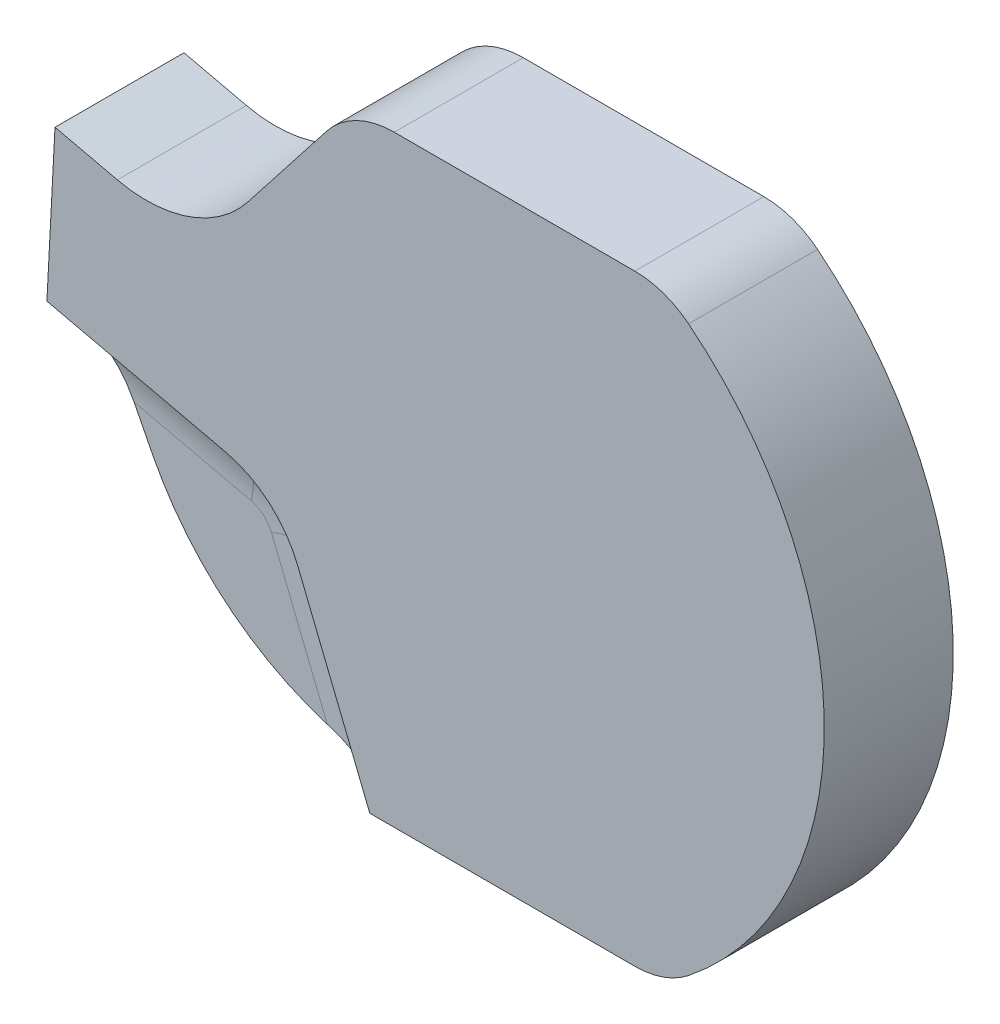
from build123d import *

# Parameters (mm, degrees)
BOSS_EXTRUDE1_DEPTH   = 15
CORTE_EXTRUS_O1_DEPTH = 5
CORTE_EXTRUS_O2_START = -10
CORTE_EXTRUS_O2_DEPTH = 5
FILETE1_R             = 10


with BuildPart() as part:
    # Sketch2 → Boss-Extrude1 (new body)
    with BuildSketch(Plane.XY):
        with BuildLine():
            Line((-40.19459236, 14.102844367), (-47.445652556, 15.776883518))
            Line((-47.445652556, 15.776883518), (-48.388260059, -2.209139093))
            Line((-48.388260059, -2.209139093), (-41.139476942, -16.435676991))
            ThreePointArc((-41.139476942, -16.435676991), (-28.61020632, -29.989765588), (-10.845255119, -35))
            Line((-10.845255119, -35), (-8, -35))
            Line((-8, -35), (19.974984355, -35))
            ThreePointArc((19.974984355, -35), (23.282173494, -34.437293044), (26.217166967, -32.8125))
            ThreePointArc((26.217166967, -32.8125), (42, 0), (26.217166967, 32.8125))
            ThreePointArc((26.217166967, 32.8125), (23.282173494, 34.437293044), (19.974984355, 35))
            Line((19.974984355, 35), (-8, 35))
            ThreePointArc((-8, 35), (-12.383711468, 33.987940463), (-15.880107536, 31.156614753))
            Line((-15.880107536, 31.156614753), (-25.000165241, 19.483473209))
            ThreePointArc((-25.000165241, 19.483473209), (-31.813223657, 14.578772972), (-40.19459236, 14.102844367))
        make_face()
    extrude(amount=BOSS_EXTRUDE1_DEPTH)

    # Esboço4 → Corte-extrusão1 (cut)
    with BuildSketch(Plane(origin=(0, 0, 0), x_dir=(-1, 0, 0), z_dir=(0, 0, -1))):
        with BuildLine():
            Line((48.388260059, -2.209139093), (27.681074333, -6.989769605))
            ThreePointArc((27.681074333, -6.989769605), (22.587110405, -9.557338795), (19.25428073, -14.186931261))
            Line((19.25428073, -14.186931261), (10.845255119, -35))
            ThreePointArc((10.845255119, -35), (28.61020632, -29.989765588), (41.139476942, -16.435676991))
            Line((41.139476942, -16.435676991), (48.388260059, -2.209139093))
        make_face()
    extrude(amount=-CORTE_EXTRUS_O1_DEPTH, mode=Mode.SUBTRACT)

    # Esboço4<2> → Corte-extrusão2 (cut)
    with BuildSketch(Plane(origin=(0, 0, 0), x_dir=(-1, 0, 0), z_dir=(0, 0, -1)).offset(CORTE_EXTRUS_O2_START)):
        with BuildLine():
            Line((48.388260059, -2.209139093), (27.681074333, -6.989769605))
            ThreePointArc((27.681074333, -6.989769605), (22.587110405, -9.557338795), (19.25428073, -14.186931261))
            Line((19.25428073, -14.186931261), (10.845255119, -35))
            ThreePointArc((10.845255119, -35), (28.61020632, -29.989765588), (41.139476942, -16.435676991))
            Line((41.139476942, -16.435676991), (48.388260059, -2.209139093))
        make_face()
    extrude(amount=-CORTE_EXTRUS_O2_DEPTH, mode=Mode.SUBTRACT)

    # Filete1
    # the kernel refuses this fillet: 10 mm, written as the material it adds along each edge
    with BuildSketch(Plane(origin=(-19.25428073, -14.186931261, 10), x_dir=(0, 0, 1), z_dir=(0.3746065934159196, -0.9271838545667843, 0))) as filete1_piece_1_section:
        with BuildLine():
            CenterArc((10, 8.660254038), FILETE1_R, 180, 60)
            Line((0, 8.660254038), (0, 0))
            Line((0, 0), (5, 0))
        make_face()
    filete1_piece_1 = extrude(amount=44.098252831, mode=Mode.PRIVATE)
    filete1_piece_1 = filete1_piece_1 & Plane(origin=(-10.845255119, -1, 11.322425454), x_dir=(-0.891006524188372, -0.4539904997395388, 0), z_dir=(0, 0, -1)) * Cylinder(34, 123, mode=Mode.PRIVATE)
    add(filete1_piece_1)
    with BuildSketch(Plane(origin=(-69.483990779, 2.661194099, 10), x_dir=(0, 0, 1), z_dir=(0.9743700647852346, -0.2249510543438682, 0))) as filete1_piece_2_section:
        with BuildLine():
            CenterArc((10, 8.660254038), FILETE1_R, 180, 60)
            Line((0, 8.660254038), (0, 0))
            Line((0, 0), (5, 0))
        make_face()
    filete1_piece_2 = extrude(amount=42.902504867, mode=Mode.PRIVATE)
    filete1_piece_2 = split(filete1_piece_2, bisect_by=Plane(origin=(-44.017931787, -10.786391272, 11.322425454), z_dir=(0.8910065241883723, 0.4539904997395381, 0)), keep=Keep.TOP, mode=Mode.PRIVATE)
    add(filete1_piece_2)
    with BuildSketch(Plane(origin=(-69.483990779, 2.661194099, 5), x_dir=(0, 0, -1), z_dir=(0.9743700647852346, -0.2249510543438682, 0))) as filete1_piece_3_section:
        with BuildLine():
            CenterArc((10, -8.660254038), FILETE1_R, 120, 60)
            Line((0, -8.660254038), (0, 0))
            Line((0, 0), (5, 0))
        make_face()
    filete1_piece_3 = extrude(amount=42.902504867, mode=Mode.PRIVATE)
    filete1_piece_3 = split(filete1_piece_3, bisect_by=Plane(origin=(-44.017931791, -10.786391265, 3.677574546), z_dir=(0.8910065241883723, 0.4539904997395381, 0)), keep=Keep.TOP, mode=Mode.PRIVATE)
    add(filete1_piece_3)
    with BuildSketch(Plane(origin=(-19.25428073, -14.186931261, 5), x_dir=(0, 0, -1), z_dir=(0.3746065934159196, -0.9271838545667843, 0))) as filete1_piece_4_section:
        with BuildLine():
            CenterArc((10, -8.660254038), FILETE1_R, 120, 60)
            Line((0, -8.660254038), (0, 0))
            Line((0, 0), (5, 0))
        make_face()
    filete1_piece_4 = extrude(amount=44.098252831, mode=Mode.PRIVATE)
    filete1_piece_4 = filete1_piece_4 & Plane(origin=(-10.845255119, -1, 3.677574546), x_dir=(-0.891006524188372, -0.4539904997395388, 0), z_dir=(0, 0, -1)) * Cylinder(34, 123, mode=Mode.PRIVATE)
    add(filete1_piece_4)
    with BuildSketch(Plane(origin=(-30.380486985, -18.682210382, 10), x_dir=(0.22495105434386828, 0.9743700647852345, 0), z_dir=(-0.9743700647852345, 0.22495105434386828, 0))) as filete1_piece_5:
        with BuildLine():
            CenterArc((3.339745962, -10), FILETE1_R, 30, 60)
            Line((3.339745962, 0), (12, 0))
            Line((12, 0), (12, -5))
        make_face()
    revolve(axis=Axis((-30.380486985, -18.682210382, 10), (0, 0, -1)), revolution_arc=55)
    with BuildSketch(Plane(origin=(-30.380486985, -18.682210382, 5), x_dir=(0.22495105434386828, 0.9743700647852345, 0), z_dir=(-0.9743700647852345, 0.22495105434386828, 0))) as filete1_piece_6:
        with BuildLine():
            CenterArc((3.339745962, 10), FILETE1_R, 270, 60)
            Line((3.339745962, 0), (12, 0))
            Line((12, 0), (12, 5))
        make_face()
    revolve(axis=Axis((-30.380486985, -18.682210382, 5), (0, 0, -1)), revolution_arc=55)


solid = part.part

_____

§ **Work item**
When you retype the data above, match every line exactly and leave the pictures behind.

§ **Your solution**
from build123d import *

# Parameters (mm, degrees)
BOSS_EXTRUDE1_DEPTH   = 15
CORTE_EXTRUS_O1_DEPTH = 5
CORTE_EXTRUS_O2_START = -10
CORTE_EXTRUS_O2_DEPTH = 5
FILETE1_R             = 10


with BuildPart() as part:
    # Sketch2 → Boss-Extrude1 (new body)
    with BuildSketch(Plane.XY):
        with BuildLine():
            Line((-40.19459236, 14.102844367), (-47.445652556, 15.776883518))
            Line((-47.445652556, 15.776883518), (-48.388260059, -2.209139093))
            Line((-48.388260059, -2.209139093), (-41.139476942, -16.435676991))
            ThreePointArc((-41.139476942, -16.435676991), (-28.61020632, -29.989765588), (-10.845255119, -35))
            Line((-10.845255119, -35), (-8, -35))
            Line((-8, -35), (19.974984355, -35))
            ThreePointArc((19.974984355, -35), (23.282173494, -34.437293044), (26.217166967, -32.8125))
            ThreePointArc((26.217166967, -32.8125), (42, 0), (26.217166967, 32.8125))
            ThreePointArc((26.217166967, 32.8125), (23.282173494, 34.437293044), (19.974984355, 35))
            Line((19.974984355, 35), (-8, 35))
            ThreePointArc((-8, 35), (-12.383711468, 33.987940463), (-15.880107536, 31.156614753))
            Line((-15.880107536, 31.156614753), (-25.000165241, 19.483473209))
            ThreePointArc((-25.000165241, 19.483473209), (-31.813223657, 14.578772972), (-40.19459236, 14.102844367))
        make_face()
    extrude(amount=BOSS_EXTRUDE1_DEPTH)

    # Esboço4 → Corte-extrusão1 (cut)
    with BuildSketch(Plane(origin=(0, 0, 0), x_dir=(-1, 0, 0), z_dir=(0, 0, -1))):
        with BuildLine():
            Line((48.388260059, -2.209139093), (27.681074333, -6.989769605))
            ThreePointArc((27.681074333, -6.989769605), (22.587110405, -9.557338795), (19.25428073, -14.186931261))
            Line((19.25428073, -14.186931261), (10.845255119, -35))
            ThreePointArc((10.845255119, -35), (28.61020632, -29.989765588), (41.139476942, -16.435676991))
            Line((41.139476942, -16.435676991), (48.388260059, -2.209139093))
        make_face()
    extrude(amount=-CORTE_EXTRUS_O1_DEPTH, mode=Mode.SUBTRACT)

    # Esboço4<2> → Corte-extrusão2 (cut)
    with BuildSketch(Plane(origin=(0, 0, 0), x_dir=(-1, 0, 0), z_dir=(0, 0, -1)).offset(CORTE_EXTRUS_O2_START)):
        with BuildLine():
            Line((48.388260059, -2.209139093), (27.681074333, -6.989769605))
            ThreePointArc((27.681074333, -6.989769605), (22.587110405, -9.557338795), (19.25428073, -14.186931261))
            Line((19.25428073, -14.186931261), (10.845255119, -35))
            ThreePointArc((10.845255119, -35), (28.61020632, -29.989765588), (41.139476942, -16.435676991))
            Line((41.139476942, -16.435676991), (48.388260059, -2.209139093))
        make_face()
    extrude(amount=-CORTE_EXTRUS_O2_DEPTH, mode=Mode.SUBTRACT)

    # Filete1
    # the kernel refuses this fillet: 10 mm, written as the material it adds along each edge
    with BuildSketch(Plane(origin=(-19.25428073, -14.186931261, 10), x_dir=(0, 0, 1), z_dir=(0.3746065934159196, -0.9271838545667843, 0))) as filete1_piece_1_section:
        with BuildLine():
            CenterArc((10, 8.660254038), FILETE1_R, 180, 60)
            Line((0, 8.660254038), (0, 0))
            Line((0, 0), (5, 0))
        make_face()
    filete1_piece_1 = extrude(amount=44.098252831, mode=Mode.PRIVATE)
    filete1_piece_1 = filete1_piece_1 & Plane(origin=(-10.845255119, -1, 11.322425454), x_dir=(-0.891006524188372, -0.4539904997395388, 0), z_dir=(0, 0, -1)) * Cylinder(34, 123, mode=Mode.PRIVATE)
    add(filete1_piece_1)
    with BuildSketch(Plane(origin=(-69.483990779, 2.661194099, 10), x_dir=(0, 0, 1), z_dir=(0.9743700647852346, -0.2249510543438682, 0))) as filete1_piece_2_section:
        with BuildLine():
            CenterArc((10, 8.660254038), FILETE1_R, 180, 60)
            Line((0, 8.660254038), (0, 0))
            Line((0, 0), (5, 0))
        make_face()
    filete1_piece_2 = extrude(amount=42.902504867, mode=Mode.PRIVATE)
    filete1_piece_2 = split(filete1_piece_2, bisect_by=Plane(origin=(-44.017931787, -10.786391272, 11.322425454), z_dir=(0.8910065241883723, 0.4539904997395381, 0)), keep=Keep.TOP, mode=Mode.PRIVATE)
    add(filete1_piece_2)
    with BuildSketch(Plane(origin=(-69.483990779, 2.661194099, 5), x_dir=(0, 0, -1), z_dir=(0.9743700647852346, -0.2249510543438682, 0))) as filete1_piece_3_section:
        with BuildLine():
            CenterArc((10, -8.660254038), FILETE1_R, 120, 60)
            Line((0, -8.660254038), (0, 0))
            Line((0, 0), (5, 0))
        make_face()
    filete1_piece_3 = extrude(amount=42.902504867, mode=Mode.PRIVATE)
    filete1_piece_3 = split(filete1_piece_3, bisect_by=Plane(origin=(-44.017931791, -10.786391265, 3.677574546), z_dir=(0.8910065241883723, 0.4539904997395381, 0)), keep=Keep.TOP, mode=Mode.PRIVATE)
    add(filete1_piece_3)
    with BuildSketch(Plane(origin=(-19.25428073, -14.186931261, 5), x_dir=(0, 0, -1), z_dir=(0.3746065934159196, -0.9271838545667843, 0))) as filete1_piece_4_section:
        with BuildLine():
            CenterArc((10, -8.660254038), FILETE1_R, 120, 60)
            Line((0, -8.660254038), (0, 0))
            Line((0, 0), (5, 0))
        make_face()
    filete1_piece_4 = extrude(amount=44.098252831, mode=Mode.PRIVATE)
    filete1_piece_4 = filete1_piece_4 & Plane(origin=(-10.845255119, -1, 3.677574546), x_dir=(-0.891006524188372, -0.4539904997395388, 0), z_dir=(0, 0, -1)) * Cylinder(34, 123, mode=Mode.PRIVATE)
    add(filete1_piece_4)
    with BuildSketch(Plane(origin=(-30.380486985, -18.682210382, 10), x_dir=(0.22495105434386828, 0.9743700647852345, 0), z_dir=(-0.9743700647852345, 0.22495105434386828, 0))) as filete1_piece_5:
        with BuildLine():
            CenterArc((3.339745962, -10), FILETE1_R, 30, 60)
            Line((3.339745962, 0), (12, 0))
            Line((12, 0), (12, -5))
        make_face()
    revolve(axis=Axis((-30.380486985, -18.682210382, 10), (0, 0, -1)), revolution_arc=55)
    with BuildSketch(Plane(origin=(-30.380486985, -18.682210382, 5), x_dir=(0.22495105434386828, 0.9743700647852345, 0), z_dir=(-0.9743700647852345, 0.22495105434386828, 0))) as filete1_piece_6:
        with BuildLine():
            CenterArc((3.339745962, 10), FILETE1_R, 270, 60)
            Line((3.339745962, 0), (12, 0))
            Line((12, 0), (12, 5))
        make_face()
    revolve(axis=Axis((-30.380486985, -18.682210382, 5), (0, 0, -1)), revolution_arc=55)


solid = part.part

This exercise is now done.